Why is it that there are only three arresting wires on the new USS Gerald R Ford aircraft carrier compared to four arresting wires on the older Nimitz-class carriers? Isn’t having four arresting wires safer after all? Well, let’s find out.
Traditionally, earlier produced Nimitz-class carriers had four arresting wires, spaced roughly 50-feet apart. Usually, the pilot aims for the third wire, as it’s the safest and the most effective target. The first wire is deemed too dangerous as it’s too close to the edge of the deck and if the plane comes in too low for the first wire, the aircraft could easily crash into the stern of the carrier. Nevertheless, the wire is still there for an accidental snag.
Catching the second and the fourth arresting wires are acceptable but according to at least one source, pilots need to consistently catch the third wire in order to move up through the ranks. In order to hit the third wire, the pilot needs to approach the deck at exactly the right angle, but aligning the aircraft with a moving ship is not an easy endeavor. For this reason, the pilot relies on both, landing signal officers who help with guiding the pilot through radio communications and the Fresnel lens optical landing system, known as the Lens.
The Lens consists of a horizontal row of green lights, known as datum lights, used as a reference, and an amber light called the ‘meatball’ that travels up and down along a vertical column. This lens system is mounted on a gyroscopically stabilized platform to counteract the ship’s movements. The lens focuses the amber light into narrow beams that are directed into the sky at various angles. The pilot will be paying close attention to the meatball as it indicates the airplane’s angle of approach in reference to the flight deck. If the meatball is above the datum lights, the plane is approaching too high, if the meatball is below the datum lights, the aircraft is too low, and finally if the meatball is in line with the row of green lights, the plane is on target.
While earlier arresting wire systems relied on running cables through pulleys that were attached to sandbags, modern systems are much more complex. Nimitz-class carriers rely on the MK-7 hydraulic arresting gear system which is more than 60 years old. A modern MK-7 Mod 3 system can safely bring a 50,000 aircraft moving at 130 knots to a full stop in two seconds, over a distance of 344 feet.
It may appear that the arresting cable systems are pretty simple, as all you see are the cables on the deck, but below the deck there’s a complex mechanism of pulleys, cables, and hydraulic cylinders. To put it simply, the more arresting cables you have on the flight deck, the more equipment you need below the deck, which is expensive to build and maintain. For this reason, starting with USS Ronald Regan, and followed by USS George H.W. Bush and USS Gerald R Ford aircraft carriers, the U.S. Navy started using a three-wire design instead of four, to save money on installation and maintenance of arresting gear.

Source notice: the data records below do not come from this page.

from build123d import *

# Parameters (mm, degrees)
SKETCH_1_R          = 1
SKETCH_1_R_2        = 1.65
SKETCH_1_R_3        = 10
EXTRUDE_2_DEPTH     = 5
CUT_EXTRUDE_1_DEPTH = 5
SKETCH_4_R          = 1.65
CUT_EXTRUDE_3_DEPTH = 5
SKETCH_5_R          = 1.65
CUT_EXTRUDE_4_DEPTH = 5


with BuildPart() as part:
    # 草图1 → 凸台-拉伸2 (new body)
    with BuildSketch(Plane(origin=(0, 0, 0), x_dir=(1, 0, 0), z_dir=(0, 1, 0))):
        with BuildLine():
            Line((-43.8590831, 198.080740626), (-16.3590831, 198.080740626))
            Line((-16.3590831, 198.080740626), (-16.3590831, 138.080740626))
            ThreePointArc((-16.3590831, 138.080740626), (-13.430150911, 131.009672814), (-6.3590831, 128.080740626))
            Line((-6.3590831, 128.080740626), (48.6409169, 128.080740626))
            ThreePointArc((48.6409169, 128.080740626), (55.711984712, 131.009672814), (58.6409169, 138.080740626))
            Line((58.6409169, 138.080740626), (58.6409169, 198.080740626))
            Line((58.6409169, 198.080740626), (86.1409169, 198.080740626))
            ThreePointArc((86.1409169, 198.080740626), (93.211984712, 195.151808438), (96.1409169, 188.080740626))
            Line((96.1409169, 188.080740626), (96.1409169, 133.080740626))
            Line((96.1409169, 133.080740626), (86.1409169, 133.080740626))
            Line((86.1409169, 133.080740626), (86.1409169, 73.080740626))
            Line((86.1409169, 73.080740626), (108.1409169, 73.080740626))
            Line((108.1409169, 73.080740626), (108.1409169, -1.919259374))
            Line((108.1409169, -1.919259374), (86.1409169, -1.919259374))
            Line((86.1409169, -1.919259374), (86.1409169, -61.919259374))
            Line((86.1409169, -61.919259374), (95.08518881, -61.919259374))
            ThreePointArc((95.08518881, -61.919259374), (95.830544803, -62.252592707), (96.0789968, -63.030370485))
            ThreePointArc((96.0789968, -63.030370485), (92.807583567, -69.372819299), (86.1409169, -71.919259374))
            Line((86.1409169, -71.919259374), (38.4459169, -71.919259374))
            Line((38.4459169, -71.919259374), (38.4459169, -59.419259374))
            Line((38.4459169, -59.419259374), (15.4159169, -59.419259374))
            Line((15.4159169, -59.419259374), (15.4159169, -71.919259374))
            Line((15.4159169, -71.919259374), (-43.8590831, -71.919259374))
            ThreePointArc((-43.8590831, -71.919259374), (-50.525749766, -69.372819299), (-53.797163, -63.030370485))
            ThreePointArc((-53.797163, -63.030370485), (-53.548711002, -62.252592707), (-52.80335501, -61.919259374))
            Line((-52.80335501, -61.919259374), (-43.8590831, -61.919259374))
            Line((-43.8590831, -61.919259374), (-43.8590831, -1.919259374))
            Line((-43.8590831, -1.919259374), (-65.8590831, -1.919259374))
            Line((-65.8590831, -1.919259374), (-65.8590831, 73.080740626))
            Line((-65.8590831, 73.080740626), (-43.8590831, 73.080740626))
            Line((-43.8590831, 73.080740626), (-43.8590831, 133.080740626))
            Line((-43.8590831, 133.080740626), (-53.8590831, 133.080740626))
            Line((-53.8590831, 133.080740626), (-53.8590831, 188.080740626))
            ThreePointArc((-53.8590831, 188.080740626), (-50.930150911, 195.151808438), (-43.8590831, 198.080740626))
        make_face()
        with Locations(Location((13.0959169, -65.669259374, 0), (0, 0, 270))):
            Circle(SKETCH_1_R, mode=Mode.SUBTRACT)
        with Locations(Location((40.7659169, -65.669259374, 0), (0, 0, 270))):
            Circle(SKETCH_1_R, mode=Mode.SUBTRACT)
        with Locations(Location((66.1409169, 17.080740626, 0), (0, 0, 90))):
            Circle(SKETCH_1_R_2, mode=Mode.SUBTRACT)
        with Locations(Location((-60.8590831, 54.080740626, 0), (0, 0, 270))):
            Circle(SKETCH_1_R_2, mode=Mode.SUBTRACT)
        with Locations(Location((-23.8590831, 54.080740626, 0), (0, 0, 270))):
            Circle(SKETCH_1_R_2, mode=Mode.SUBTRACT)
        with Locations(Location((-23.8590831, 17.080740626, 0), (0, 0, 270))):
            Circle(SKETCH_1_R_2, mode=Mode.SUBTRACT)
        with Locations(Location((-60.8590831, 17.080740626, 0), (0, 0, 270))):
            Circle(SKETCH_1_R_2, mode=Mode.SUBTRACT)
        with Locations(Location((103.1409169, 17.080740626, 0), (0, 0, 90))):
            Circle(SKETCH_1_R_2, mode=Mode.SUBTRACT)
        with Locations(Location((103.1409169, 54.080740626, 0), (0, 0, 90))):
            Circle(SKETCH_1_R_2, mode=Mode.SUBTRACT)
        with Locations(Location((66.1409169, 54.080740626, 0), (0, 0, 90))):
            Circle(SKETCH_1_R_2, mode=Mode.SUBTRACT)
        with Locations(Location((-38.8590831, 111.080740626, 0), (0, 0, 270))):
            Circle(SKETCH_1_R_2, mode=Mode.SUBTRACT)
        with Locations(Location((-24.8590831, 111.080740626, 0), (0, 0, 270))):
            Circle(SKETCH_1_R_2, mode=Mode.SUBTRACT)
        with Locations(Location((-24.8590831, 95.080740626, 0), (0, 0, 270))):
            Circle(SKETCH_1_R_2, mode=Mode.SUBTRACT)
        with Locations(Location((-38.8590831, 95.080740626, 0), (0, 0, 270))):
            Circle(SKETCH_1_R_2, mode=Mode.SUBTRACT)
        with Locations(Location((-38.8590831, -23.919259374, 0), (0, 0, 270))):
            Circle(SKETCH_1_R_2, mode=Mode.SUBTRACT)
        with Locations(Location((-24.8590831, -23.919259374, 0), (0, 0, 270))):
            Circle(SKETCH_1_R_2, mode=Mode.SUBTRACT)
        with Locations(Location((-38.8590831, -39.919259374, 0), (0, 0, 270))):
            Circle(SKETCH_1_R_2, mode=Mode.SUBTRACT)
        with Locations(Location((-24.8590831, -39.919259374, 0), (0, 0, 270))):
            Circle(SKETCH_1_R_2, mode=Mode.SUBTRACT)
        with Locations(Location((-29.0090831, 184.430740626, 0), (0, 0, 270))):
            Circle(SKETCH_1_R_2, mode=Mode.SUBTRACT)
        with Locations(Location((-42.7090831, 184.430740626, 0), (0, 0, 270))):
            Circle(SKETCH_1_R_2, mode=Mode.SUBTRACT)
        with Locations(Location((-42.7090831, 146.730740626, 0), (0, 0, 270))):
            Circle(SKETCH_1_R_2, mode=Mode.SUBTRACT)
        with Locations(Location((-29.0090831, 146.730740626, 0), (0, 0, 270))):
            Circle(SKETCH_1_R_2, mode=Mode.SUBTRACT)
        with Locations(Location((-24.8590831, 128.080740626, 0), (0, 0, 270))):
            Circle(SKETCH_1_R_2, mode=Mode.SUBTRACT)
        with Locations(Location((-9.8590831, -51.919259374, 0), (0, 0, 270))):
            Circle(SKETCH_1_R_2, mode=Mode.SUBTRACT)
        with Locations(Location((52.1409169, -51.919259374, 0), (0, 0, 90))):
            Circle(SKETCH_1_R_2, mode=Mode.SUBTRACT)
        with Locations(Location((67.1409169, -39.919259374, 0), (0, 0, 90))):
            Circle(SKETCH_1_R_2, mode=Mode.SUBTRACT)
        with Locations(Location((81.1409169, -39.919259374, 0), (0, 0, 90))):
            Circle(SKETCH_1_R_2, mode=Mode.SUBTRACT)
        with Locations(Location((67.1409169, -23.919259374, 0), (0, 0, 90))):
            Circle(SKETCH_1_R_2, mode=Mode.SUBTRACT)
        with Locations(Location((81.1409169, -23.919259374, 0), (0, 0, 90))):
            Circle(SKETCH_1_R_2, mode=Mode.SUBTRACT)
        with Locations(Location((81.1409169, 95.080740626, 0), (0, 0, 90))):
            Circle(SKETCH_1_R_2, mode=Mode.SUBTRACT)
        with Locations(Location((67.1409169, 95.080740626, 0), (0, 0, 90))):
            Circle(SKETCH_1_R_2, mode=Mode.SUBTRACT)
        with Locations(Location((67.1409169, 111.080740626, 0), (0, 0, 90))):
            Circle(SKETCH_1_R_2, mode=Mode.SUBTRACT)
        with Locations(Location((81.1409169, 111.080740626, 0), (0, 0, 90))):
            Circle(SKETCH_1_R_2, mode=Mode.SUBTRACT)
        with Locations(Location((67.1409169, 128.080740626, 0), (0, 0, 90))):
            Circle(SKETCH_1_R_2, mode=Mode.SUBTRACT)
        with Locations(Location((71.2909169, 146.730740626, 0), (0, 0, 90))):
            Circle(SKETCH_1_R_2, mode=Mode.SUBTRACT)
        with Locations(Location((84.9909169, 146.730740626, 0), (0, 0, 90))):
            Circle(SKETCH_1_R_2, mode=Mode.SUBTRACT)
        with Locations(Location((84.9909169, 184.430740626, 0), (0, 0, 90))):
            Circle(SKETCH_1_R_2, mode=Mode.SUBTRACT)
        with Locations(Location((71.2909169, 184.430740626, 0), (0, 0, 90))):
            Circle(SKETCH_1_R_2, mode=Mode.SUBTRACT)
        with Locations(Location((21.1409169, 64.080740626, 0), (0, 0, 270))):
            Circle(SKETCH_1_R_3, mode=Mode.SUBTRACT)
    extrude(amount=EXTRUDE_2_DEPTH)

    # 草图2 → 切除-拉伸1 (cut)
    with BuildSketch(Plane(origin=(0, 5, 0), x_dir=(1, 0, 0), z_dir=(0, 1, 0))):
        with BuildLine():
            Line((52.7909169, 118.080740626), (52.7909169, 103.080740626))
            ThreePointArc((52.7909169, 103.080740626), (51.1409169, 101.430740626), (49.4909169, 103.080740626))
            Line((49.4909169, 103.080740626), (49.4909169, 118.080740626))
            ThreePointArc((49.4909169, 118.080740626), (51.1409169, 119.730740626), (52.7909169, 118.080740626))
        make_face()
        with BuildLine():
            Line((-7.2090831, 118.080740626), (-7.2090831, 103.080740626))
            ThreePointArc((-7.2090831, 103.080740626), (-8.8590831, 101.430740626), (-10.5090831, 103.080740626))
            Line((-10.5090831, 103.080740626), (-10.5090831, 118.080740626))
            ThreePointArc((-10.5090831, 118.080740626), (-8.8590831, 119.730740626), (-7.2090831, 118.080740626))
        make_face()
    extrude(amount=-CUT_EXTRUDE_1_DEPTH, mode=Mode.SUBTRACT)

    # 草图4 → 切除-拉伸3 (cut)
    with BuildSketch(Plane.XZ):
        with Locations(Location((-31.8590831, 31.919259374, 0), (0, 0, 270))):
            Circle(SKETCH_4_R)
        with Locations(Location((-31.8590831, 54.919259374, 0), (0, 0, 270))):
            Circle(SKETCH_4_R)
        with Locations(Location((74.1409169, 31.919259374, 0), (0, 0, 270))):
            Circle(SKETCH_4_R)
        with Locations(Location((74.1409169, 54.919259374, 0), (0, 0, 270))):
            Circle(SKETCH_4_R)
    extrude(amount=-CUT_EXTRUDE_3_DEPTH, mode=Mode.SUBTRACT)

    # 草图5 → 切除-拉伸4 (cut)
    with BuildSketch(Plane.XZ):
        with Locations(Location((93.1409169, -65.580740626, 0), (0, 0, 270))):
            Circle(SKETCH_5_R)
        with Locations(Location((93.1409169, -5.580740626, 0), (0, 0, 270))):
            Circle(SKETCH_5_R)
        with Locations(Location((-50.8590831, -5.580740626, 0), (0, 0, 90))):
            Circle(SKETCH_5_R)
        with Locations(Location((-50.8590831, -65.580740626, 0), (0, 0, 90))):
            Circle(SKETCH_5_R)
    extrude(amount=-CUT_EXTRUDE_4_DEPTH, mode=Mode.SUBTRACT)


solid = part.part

So, this was a cost-cutting measure but it was only allowed to happen due to an additional piece of equipment that allowed a three-wire system to perform as effectively as a four-wire system without compromising safety. The new three-wire system relies on polycore cables which are designed to withstand more traps than steel cables. In this new three-wire design, the second wire is the new hit wire and it’s located at the same spot as the third wire sits in the older four wire configurations. Additionally, instead of four arresting gear engines and one barricade engine, the setup switched to just four arresting gear engines with two of them being interchangeable as barricade engines. This modification greatly freed up space below the deck and reduced the maintenance costs.
Finally, let’s talk about the new piece of equipment that allowed the US Navy to go from four arresting wires down to just three. It’s the improved Fresnel Lens optical landing system with 12 fiber-optic cells that indicate the glide slope to the pilot at about twice the sensitivity that the older optical landing system did, because of this it is now possible to accurately reference the lens as far out as a mile and the pilot has tighter control of the glide slope, which makes it significantly easier to catch the hit wire. This system was first tested in 1997, aboard USS George Washington and every deploying American aircraft carrier since 2004 has had this system. As a result of this improved lens system, all new aircraft carriers commissioned in the new millennia went from four arresting wires down to three, including USS Gerald R Ford.